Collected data
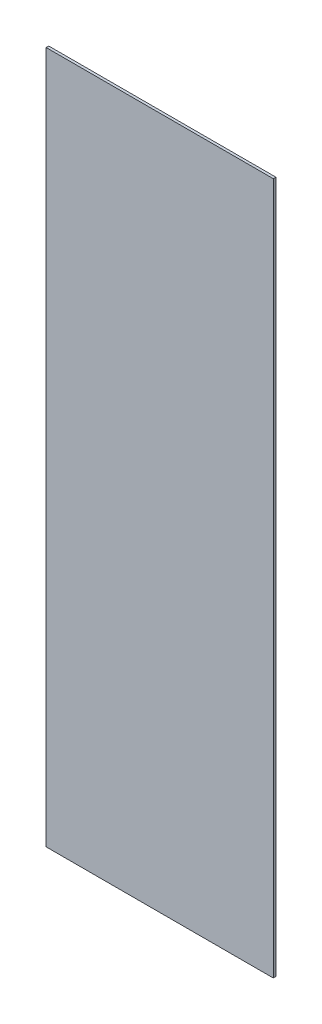
SolidWorks part; units mm, degrees
material "1060 Alloy"
ref_plane "Front Plane" through (0, 0, 0) normal (0, 0, 1) x (1, 0, 0)
ref_plane "Top Plane" through (0, 0, 0) normal (0, 1, 0) x (1, 0, 0)
ref_plane "Right Plane" through (0, 0, 0) normal (1, 0, 0) x (0, 0, -1)
sketch "Sketch1" plane through (0, 0, 0) normal (0, 0, 1) x (1, 0, 0)
  line L1 (-100, 304.8) -> (100, 304.8)
  line L2 (-100, 304.8) -> (-100, -304.8)
  line L3 (-100, -304.8) -> (100, -304.8)
  line L4 (100, 304.8) -> (100, -304.8)
  line L5 (-100, 304.8) -> (100, -304.8) construction
  line L6 (-100, -304.8) -> (100, 304.8) construction
  point P0 (0, 0)
  dimension "D1" = 609.6
  dimension "D2" = 200
extrude "Boss-Extrude1" add sketch "Sketch1" along normal blind 2.305
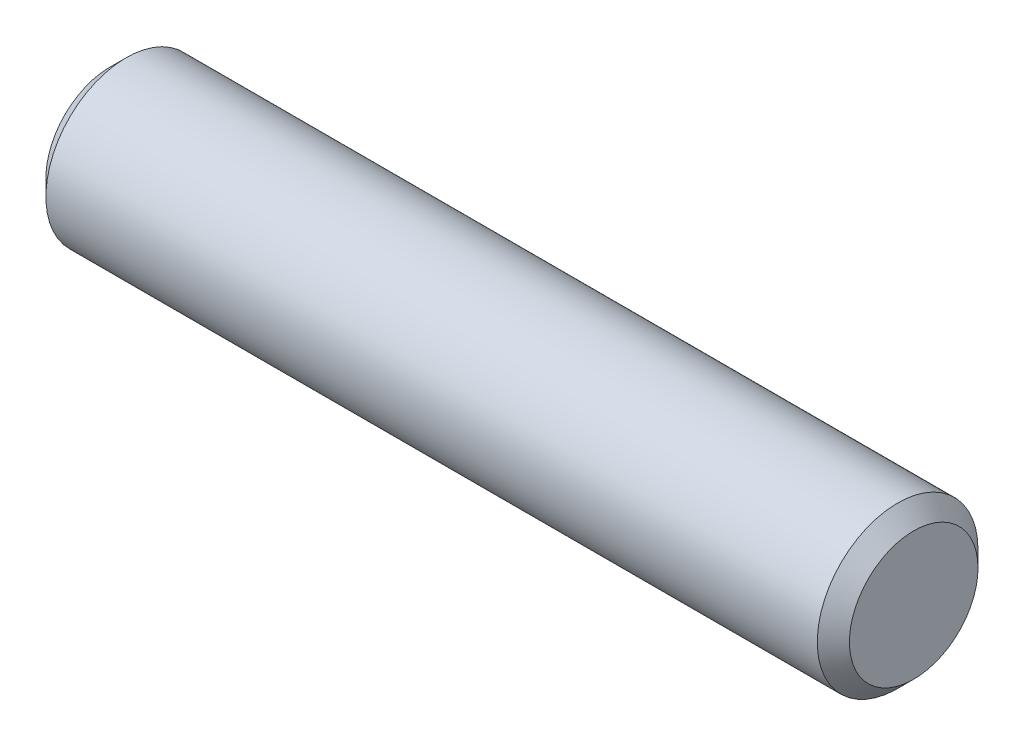
SolidWorks part; units mm, degrees
ref_plane "Front" through (0, 0, 0) normal (0, 0, 1) x (1, 0, 0)
ref_plane "Top" through (0, 0, 0) normal (0, 1, 0) x (1, 0, 0)
ref_plane "Right" through (0, 0, 0) normal (1, 0, 0) x (0, 0, -1)
sketch "Sketch1" plane through (0, 0, 0) normal (0, 0, 1) x (1, 0, 0)
  line L0 (-15.875, 0) -> (15.875, 0) construction
  line L1 (15.875, 3.175) -> (15.875, -3.175) construction
  line L2 (-15.875, 3.175) -> (-15.875, -3.175) construction
  dimension "Length" = 31.75
  dimension "Diameter" = 6.35
sketch "Sketch2" plane through (0, 0, 0) normal (1, 0, 0) x (0, 0, -1)
  circle A0 centre (0, 0) radius 3.175
extrude "Extrude1" add sketch "Sketch2" against normal up to vertex (15.875 mm away) and the other way up to vertex (15.875 mm away) up to point (-15.875, 3.175, 0) other way up to point (15.875, 3.175, 0)
chamfer "Chamfer1" distance 0.635 angle 45 2 edges at (15.875, 0, -3.175) (-15.875, 0, -3.175)
equation "\"D1@Chamfer1\" = \"Diameter@Sketch1\"*.1"
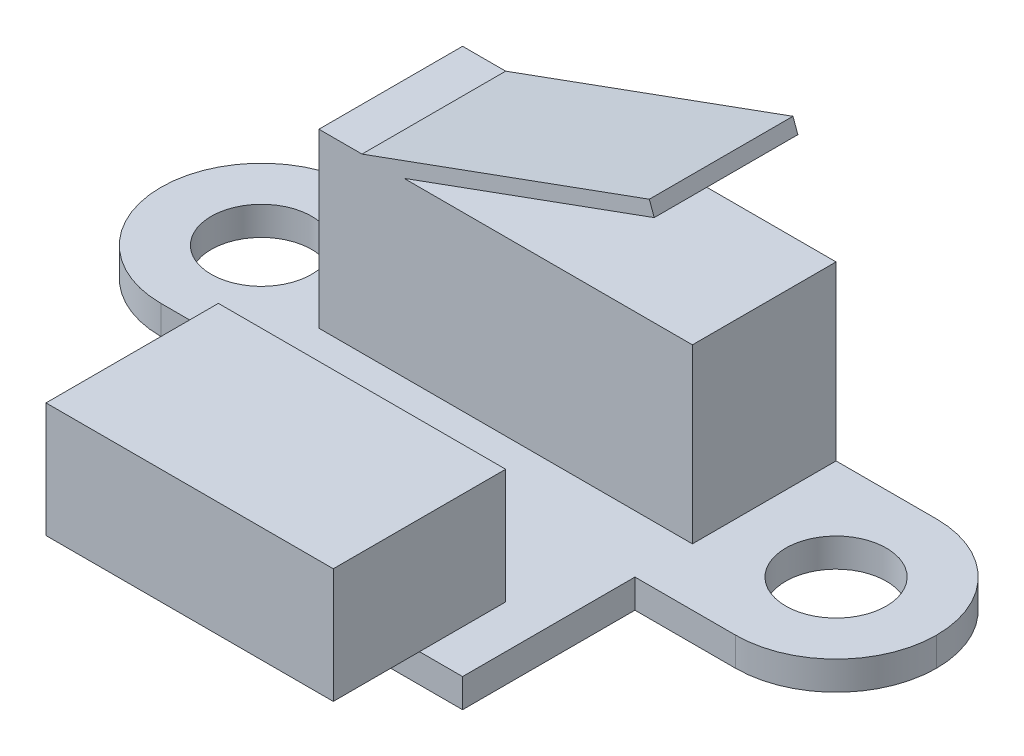
SolidWorks part; units mm, degrees
ref_plane "Front Plane" through (0, 0, 0) normal (0, 0, 1) x (1, 0, 0)
ref_plane "Top Plane" through (0, 0, 0) normal (0, 1, 0) x (1, 0, 0)
ref_plane "Right Plane" through (0, 0, 0) normal (1, 0, 0) x (0, 0, -1)
sketch "Sketch1" plane through (0, 0, 0) normal (0, 1, 0) x (1, 0, 0)
  line L1 (-6.5, -6.5) -> (6.5, -6.5)
  line L2 (-6.5, -6.5) -> (-6.5, 6.5)
  line L3 (-6.5, 6.5) -> (6.5, 6.5)
  line L4 (6.5, -6.5) -> (6.5, 6.5)
  line L5 (-6.5, -6.5) -> (6.5, 6.5) construction
  line L6 (-6.5, 6.5) -> (6.5, -6.5) construction
  point P0 (0, 0)
  dimension "D1" = 13
  dimension "D2" = 13
extrude "Boss-Extrude1" add sketch "Sketch1" along normal blind 1
sketch "Sketch4" plane through (-6.5, 0, 0) normal (-1, 0, 0) x (0, 0, 1)
  line L0 (-6.5, 1) -> (6.5, 1) construction
  line L1 (-6.5, 0) -> (0.5, 0)
  line L2 (-6.5, 0) -> (-6.5, 1)
  line L3 (-6.5, 1) -> (0.5, 1)
  line L4 (0.5, 0) -> (0.5, 1)
  dimension "D1" = 7
extrude "Boss-Extrude2" add sketch "Sketch4" along normal blind 7
sketch "Sketch5" plane through (6.5, 0, 0) normal (1, 0, 0) x (0, 0, -1)
  line L0 (-6.5, 0) -> (6.5, 0) construction
  line L1 (6.5, 1) -> (-0.5, 1)
  line L2 (6.5, 1) -> (6.5, 0)
  line L3 (6.5, 0) -> (-0.5, 0)
  line L4 (-0.5, 1) -> (-0.5, 0)
  dimension "D1" = 7
extrude "Boss-Extrude3" add sketch "Sketch5" along normal blind 7
sketch "Sketch6" plane through (0, 1, 0) normal (0, 1, 0) x (1, 0, 0)
  line L0 (-13.5, -0.5) -> (-6.5, -0.5) construction
  line L2 (-13.5, -0.5) -> (-13.5, 6.5) construction
  circle A0 centre (-10, 3) radius 1.75
  circle A1 centre (10, 3) radius 1.75
  dimension "D1" = 3.5
  dimension "D4" = 3.5
  dimension "D2" = 3.5
  dimension "D3" = 3.5
  dimension "D5" = 20
extrude "Cut-Extrude1" cut sketch "Sketch6" against normal through all
sketch "Sketch7" plane through (0, 1, 0) normal (0, 1, 0) x (1, 0, 0)
  line L0 (13.5, 6.5) -> (-13.5, 6.5) construction
  line L1 (-5, -3.5) -> (5, -3.5)
  line L2 (-5, -3.5) -> (-5, -9.5)
  line L3 (-5, -9.5) -> (5, -9.5)
  line L4 (5, -3.5) -> (5, -9.5)
  line L5 (-6.5, -0.5) -> (-6.5, -6.5) construction
  dimension "D1" = 6
  dimension "D2" = 10
  dimension "D3" = 10
  dimension "D4" = 1.5
extrude "Boss-Extrude4" add sketch "Sketch7" along normal blind 4
sketch "Sketch8" plane through (0, 1, 0) normal (0, 1, 0) x (1, 0, 0)
  line L0 (-6.5, -0.5) -> (-6.5, -6.5) construction
  line L1 (-6.5, 1.5) -> (6.5, 1.5)
  line L2 (-6.5, 1.5) -> (-6.5, 6.5)
  line L3 (-6.5, 6.5) -> (6.5, 6.5)
  line L4 (6.5, 1.5) -> (6.5, 6.5)
  line L5 (13.5, 6.5) -> (-13.5, 6.5) construction
  dimension "D1" = 13
  dimension "D2" = 0
  dimension "D3" = 5
  dimension "D4" = 0
extrude "Boss-Extrude5" add sketch "Sketch8" along normal blind 6
sketch "Sketch9" plane through (0, 0, -1.5) normal (0, 0, 1) x (1, 0, 0)
  line L0 (-5, 7) -> (5, 10.6397)
  line L1 (-6.5, 7) -> (6.5, 7) construction
  line L2 (-6.5, 7) -> (-6.5, 1) construction
  line L3 (5, 10.6397) -> (5.171, 10.1699)
  line L4 (5.171, 10.1699) -> (-3.5381, 7)
  line L5 (-3.5381, 7) -> (-5, 7)
  dimension "D1" = 10
  dimension "D2" = 1.5
  dimension "D3" = 20
  dimension "D4" = 90
  dimension "D5" = 0.5
extrude "Boss-Extrude6" add sketch "Sketch9" against normal blind 5
fillet "Fillet1" radius 3.5 4 edges at (13.5, 0.5, -6.5) (13.5, 0.5, 0.5) (-13.5, 0.5, -6.5) (-13.5, 0.5, 0.5)

## Your assignment
Could you state how many lines of the data include the word "Diameter"? Only the number is needed.

## Task solution
2